Review | Battle of the Sexes
Battle of the Sexes
|Title||Battle of the Sexes|
|Director||Jonathan Dayton and Valerie Faris|
|Release Date||November 24, 2017|
I think that tennis hasn’t been particularly well served (pun very much intended) on the big screen. Recently, we’ve had Borg/McEnroe, but sadly that passed me by. Other than that the most notable examples are Wimbledon, which is a guilty pleasure of mine, and Match Point. The real question here is does Battle of the Sexes serve up an ace or is it more of a double fault?
Oh no. Are you going to be levering in tennis puns all the way through this?
I’m certainly going to try. Well, at least until we reach a break point.
Great, I can’t wait. Anyway, what’s going on in Battle of the Sexes?
It’s 1973 and the women of the US LTA are understandably unhappy that they’re only competing for one eighth the prize money of their male counterparts. Billie Jean King (Emma Stone) decides enough is enough, and with the help of Gladys Heldman (Sarah Silverman) goes about setting up the Women’s Tennis Association. This provides the perfect opportunity for a former men’s champion, and permanent hustler, Bobby Riggs (Steve Carrell), to try and smash himself back into the limelight. Bobby, a self-styled male chauvinist, challenges Billie Jean to a Battle of the Sexes to prove that women’s tennis isn’t really worth as much as the men’s game.
That sounds quite interesting, but what if I’m not really a fan of sports films?
Battle of the Sexes is a film that certainly contains some on-court action, but it’s by no means what the film is really about. I must confess I didn’t really know a lot about the story behind the film before I went in. I was aware that there had been a Battle of the Sexes match, involving Billie Jean King and Bobby Riggs, but I didn’t quite realise the importance of the match or what had led up to it. Don’t get me wrong, the tennis that we do see is well choreographed and believable, but it’s not the most important thing going on here. At its heart, this is a really interesting film that goes way beyond some serve and volley fun, and instead is focused on the struggles for equality both on and off the court.

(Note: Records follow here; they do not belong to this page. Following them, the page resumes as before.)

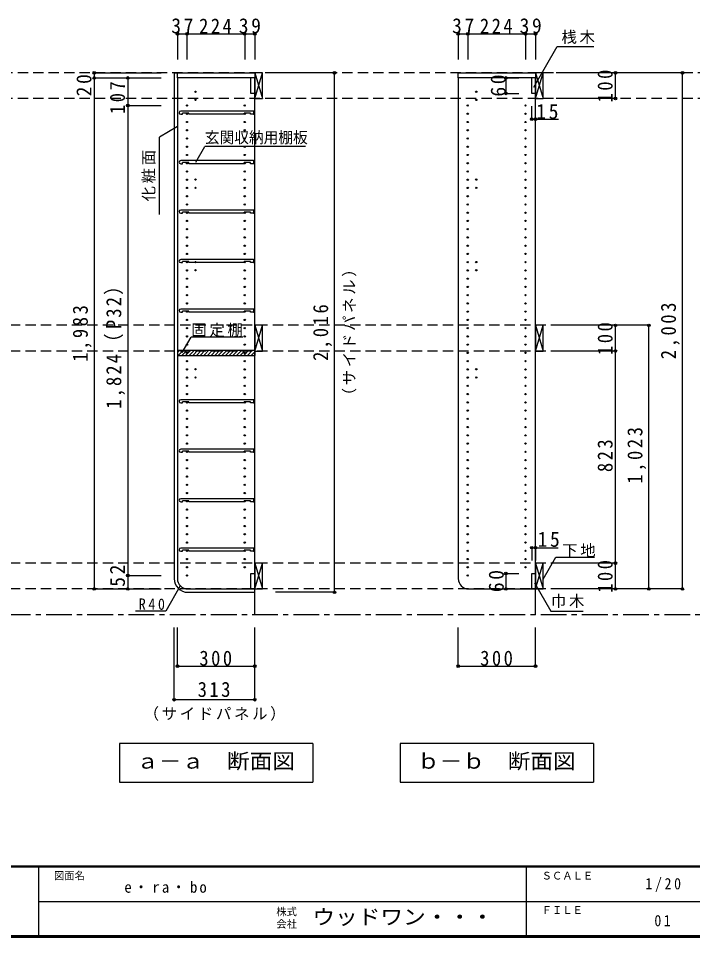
# Model space of a CAD drawing. Units: millimetres at full size, sheet at 1:20. Extents: x -3922 to 3878, y -2932 to 2722.
# Drawn here: x -100 to 2517, y -2864 to 703 of the extents above; entities that cross this region are included whole.
import ezdxf
from ezdxf.enums import TextEntityAlignment as Align

# ---------------------------------------------------------------- set-up
doc = ezdxf.new("R2010")
doc.units = ezdxf.units.MM
doc.header["$LTSCALE"] = 20
doc.header["$PDMODE"] = 32
doc.header["$PDSIZE"] = 10
doc.linetypes.add('CHAIN1', pattern=[8, 5, -1, 1, -1])
doc.linetypes.add('DASHED2', pattern=[3, 2, -1])
for name, color, linetype in [('0-2_本体', 2, 'Continuous'), ('0-3_固定棚', 3, 'Continuous'), ('0-4_可動棚', 3, 'Continuous'), ('0-5', 4, 'Continuous'), ('0-7_桟木・巾木', 2, 'Continuous'), ('0-8_引き出し', 7, 'Continuous'), ('0-A_文字', 7, 'Continuous'), ('0-B_寸法', 4, 'Continuous'), ('0-C_ハッチ', 4, 'Continuous'), ('F-1_枠', 6, 'Continuous'), ('F-A_文字', 7, 'Continuous')]:
    doc.layers.add(name, color=color, linetype=linetype)
doc.styles.add('ＭＳ ゴシック', font='')
doc.styles.get('ＭＳ ゴシック').set_extended_font_data('MS Gothic')

# ---------------------------------------------------------------- blocks, each defined once
blk = doc.blocks.new('玄関収納用棚')
at = {"layer": '0-4_可動棚', "color": 2}
for p, q in [((132.93, 8.05), (-149.57, 8.05)), ((-142.57, -3.95), (-142.57, 0.35)), ((-117.57, 0.35), (-142.57, 0.35)), ((-117.57, -3.95), (-117.57, 0.35)), ((96.43, -3.95), (96.43, 0.35)), ((134.43, -2.45), (134.43, 6.55)), ((-149.57, -3.95), (-142.57, -3.95)), ((96.43, -3.95), (-117.57, -3.95)), ((132.93, -3.95), (121.43, -3.95))]:
    blk.add_line(p, q, dxfattribs=at)
blk.add_lwpolyline([(121.43, -3.95), (121.43, 0.35), (96.43, 0.35)], dxfattribs=at)
for centre, radius, start, end in [((-149.57, 2.05), 6, 90, 180), ((-149.57, 2.05), 6, 180, 270), ((132.93, 6.55), 1.5, 0, 90), ((132.93, -2.45), 1.5, 270, 0)]:
    blk.add_arc(centre, radius, start, end, dxfattribs=at)

msp = doc.modelspace()

# ---------------------------------------------------------------- linework, layer by layer
at = {"layer": '0-2_本体'}
for p, q in [((504.47, 491.73), (817.47, 491.73)), ((517.47, 471.73), (517.47, 491.73)), ((817.47, 471.73), (517.47, 471.73)), ((817.47, 491.73), (817.47, 471.73)), ((1607.47, 471.73), (1607.47, 491.73)), ((1907.47, 471.73), (1607.47, 471.73))]:
    msp.add_line(p, q, dxfattribs=at)
msp.add_lwpolyline([(1607.47, 491.73), (1907.47, 491.73), (1907.47, 471.73)], dxfattribs=at)
at = {"layer": '0-3_固定棚', "color": 2}
for p, q in [((517.47, -585.27), (517.47, -605.27)), ((517.47, -585.27), (817.47, -585.27)), ((517.47, -605.27), (817.47, -605.27)), ((817.47, -585.27), (817.47, -605.27))]:
    msp.add_line(p, q, dxfattribs=at)
at = {"layer": '0-5', "color": 2}
for p, q in [((504.47, 491.73), (504.47, -1471.27)), ((557.47, -1524.27), (817.47, -1524.27)), ((817.47, -1524.27), (817.47, -1511.27))]:
    msp.add_line(p, q, dxfattribs=at)
at = {"layer": '0-5', "color": 3}
for p, q in [((817.47, 471.73), (517.47, 471.73)), ((517.47, 471.73), (517.47, -1471.27)), ((817.47, -1511.27), (817.47, 471.73)), ((1607.47, 471.73), (1607.47, -1471.27)), ((557.47, -1511.27), (817.47, -1511.27)), ((1647.47, -1511.27), (1907.47, -1511.27))]:
    msp.add_line(p, q, dxfattribs=at)
msp.add_lwpolyline([(1907.47, -1511.27), (1907.47, 471.73), (1607.47, 471.73)], dxfattribs=at)
at = {"layer": '0-5'}
for centre in [(587.47, 418.23), (1677.47, 418.23), (554.47, 364.73), (587.47, 386.23), (778.47, 364.73), (1644.47, 364.73), (1677.47, 386.23), (1868.47, 364.73), (554.47, 332.73), (778.47, 332.73), (1644.47, 332.73), (1868.47, 332.73), (554.47, 300.73), (778.47, 300.73), (1644.47, 300.73), (1868.47, 300.73), (554.47, 268.73), (778.47, 268.73), (1644.47, 268.73), (1868.47, 268.73), (554.47, 236.73), (778.47, 236.73), (1644.47, 236.73), (1868.47, 236.73), (554.47, 204.73), (778.47, 204.73), (1644.47, 204.73), (1868.47, 204.73), (554.47, 172.73), (554.47, 140.73), (778.47, 172.73), (778.47, 140.73), (1644.47, 172.73), (1644.47, 140.73), (1868.47, 172.73), (1868.47, 140.73), (554.47, 108.73), (778.47, 108.73), (1644.47, 108.73), (1868.47, 108.73), (554.47, 76.73), (587.47, 77.23), (778.47, 76.73), (1644.47, 76.73), (1677.47, 77.23), (1868.47, 76.73), (554.47, 44.73), (587.47, 45.23), (778.47, 44.73), (1644.47, 44.73), (1677.47, 45.23), (1868.47, 44.73), (554.47, 12.73), (778.47, 12.73), (1644.47, 12.73), (1868.47, 12.73), (554.47, -19.27), (778.47, -19.27), (1644.47, -19.27), (1868.47, -19.27), (554.47, -51.27), (778.47, -51.27), (1644.47, -51.27), (1868.47, -51.27), (554.47, -83.27), (778.47, -83.27), (1644.47, -83.27), (1868.47, -83.27), (554.47, -115.27), (778.47, -115.27), (1644.47, -115.27), (1868.47, -115.27), (554.47, -147.27), (554.47, -179.27), (778.47, -147.27), (778.47, -179.27), (1644.47, -147.27), (1644.47, -179.27), (1868.47, -147.27), (1868.47, -179.27), (554.47, -211.27), (778.47, -211.27), (1644.47, -211.27), (1868.47, -211.27), (554.47, -243.27), (587.47, -242.77), (778.47, -243.27), (1644.47, -243.27), (1677.47, -242.77), (1868.47, -243.27), (554.47, -275.27), (587.47, -274.77), (778.47, -275.27), (1644.47, -275.27), (1677.47, -274.77), (1868.47, -275.27), (554.47, -307.27), (778.47, -307.27), (1644.47, -307.27), (1868.47, -307.27), (554.47, -339.27), (778.47, -339.27), (1644.47, -339.27), (1868.47, -339.27), (554.47, -371.27), (778.47, -371.27), (1644.47, -371.27), (1868.47, -371.27), (554.47, -403.27), (778.47, -403.27), (1644.47, -403.27), (1868.47, -403.27), (554.47, -435.27), (778.47, -435.27), (1644.47, -435.27), (1868.47, -435.27), (554.47, -467.27), (554.47, -499.27), (778.47, -467.27), (778.47, -499.27), (1644.47, -467.27), (1644.47, -499.27), (1868.47, -467.27), (1868.47, -499.27), (554.47, -531.27), (778.47, -531.27), (1644.47, -531.27), (1868.47, -531.27), (554.47, -563.27), (778.47, -563.27), (1644.47, -563.27), (1868.47, -563.27), (554.47, -595.27), (778.47, -595.27), (1644.47, -595.27), (1868.47, -595.27), (554.47, -627.27), (778.47, -627.27), (1644.47, -627.27), (1868.47, -627.27), (554.47, -659.27), (587.47, -658.77), (778.47, -659.27), (1644.47, -659.27), (1677.47, -658.77), (1868.47, -659.27), (554.47, -691.27), (587.47, -690.77), (778.47, -691.27), (1644.47, -691.27), (1677.47, -690.77), (1868.47, -691.27), (554.47, -723.27), (778.47, -723.27), (1644.47, -723.27), (1868.47, -723.27), (554.47, -755.27), (554.47, -787.27), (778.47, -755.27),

There’s quite a lot going on then. How does it come together?
I really enjoyed Battle of the Sexes. I didn’t know what to expect going in but I was absolutely hooked within the first 10 minutes or so. It’s a real grand slam. Emma Stone does a great job as Billie Jean King, who is supremely confident and sure-footed on the court, but also unsure and unassuming as she tries to understand her private life and her feelings for WTA hairdresser Marilyn (Andrea Riseborough). I felt that at its heart this was a film about self-discovery and the growing relationship between Billie Jean and Marilyn. It’s a central pairing that is really nicely played and feels completely genuine, but at times feels heartbreaking as Billie Jean tries to reconcile her own feelings with the expectations of everyone around her.
What about Steve Carrell, is he just there for comic relief?
I was surprised by Steve Carrell. I did expect he was going to be there to wear a fun wig, some big glasses and just generally clown around. There’s no escaping that Bobby Riggs was a bit of a character, and Steve Carrell is perfect for the role. While there is a lot of showmanship and bravado on display I also thought there was a touch of melancholy. He’s just someone who is struggling to deal without the thrill of being in the spotlight. I never got the impression that he actually believed what he was saying. It was all just something to get him back into the limelight, like a WWE star playing a character. It was a performance that could have been quite two dimensional, but Carrell really puts some topspin on the character.
Absolutely. Game, set, match. I’m by no means a huge tennis fan (my love of the film Wimbledon notwithstanding) but that really didn’t matter. At its heart, Battle of the Sexes is a really engaging character study that focuses on much bigger issues than just tennis. It tells an interesting story that is really relevant today. I came out of the cinema feeling inspired, and uplifted. I really recommend going out to see it.